Ficam na Corte apenas os inquéritos contra parlamentares e os relacionados a pessoas com foro privilegiado. Os demais casos estão em tribunais regionais – a maioria em Curitiba, com o juiz Sergio Moro.

No julgamento do mensalão, Cármen Lúcia acompanhou o voto da maioria e condenou réus por corrupção, rejeitando a tese de que houve apenas a prática de caixa dois (dinheiro não declarado à Justiça).

Desde que ações da Lava Jato começaram a chegar à Corte, a ministra já proferiu duros votos, entre eles os que mantiveram a suspensão do mandato do ex-presidente da Câmara Eduardo Cunha (PMDB-RJ) e a prisão preventiva do ex-senador Delcídio do Amaral (ex-PT-MS).

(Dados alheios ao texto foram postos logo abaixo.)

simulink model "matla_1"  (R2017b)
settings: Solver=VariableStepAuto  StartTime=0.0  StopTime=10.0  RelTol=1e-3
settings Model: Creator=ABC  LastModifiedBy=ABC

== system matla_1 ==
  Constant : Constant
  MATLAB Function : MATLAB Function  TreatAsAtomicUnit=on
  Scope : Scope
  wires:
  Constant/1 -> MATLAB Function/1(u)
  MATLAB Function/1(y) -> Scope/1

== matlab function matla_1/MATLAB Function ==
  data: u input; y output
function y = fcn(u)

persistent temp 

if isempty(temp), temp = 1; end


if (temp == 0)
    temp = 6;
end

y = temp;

Contra Delcídio havia gravações em que ele insinuava ter como interferir em decisões de ministros do Supremo. A nova presidente da Corte não estava entre os citados no diálogo, mas ainda assim reagiu à fala do ex-senador. “Aviso aos navegantes dessas águas turvas de corrupção e das iniquidades: criminosos não passarão a navalha da desfaçatez e da confusão entre imunidade, impunidade e corrupção. Não passarão sobre os juízes e as juízas do Brasil”.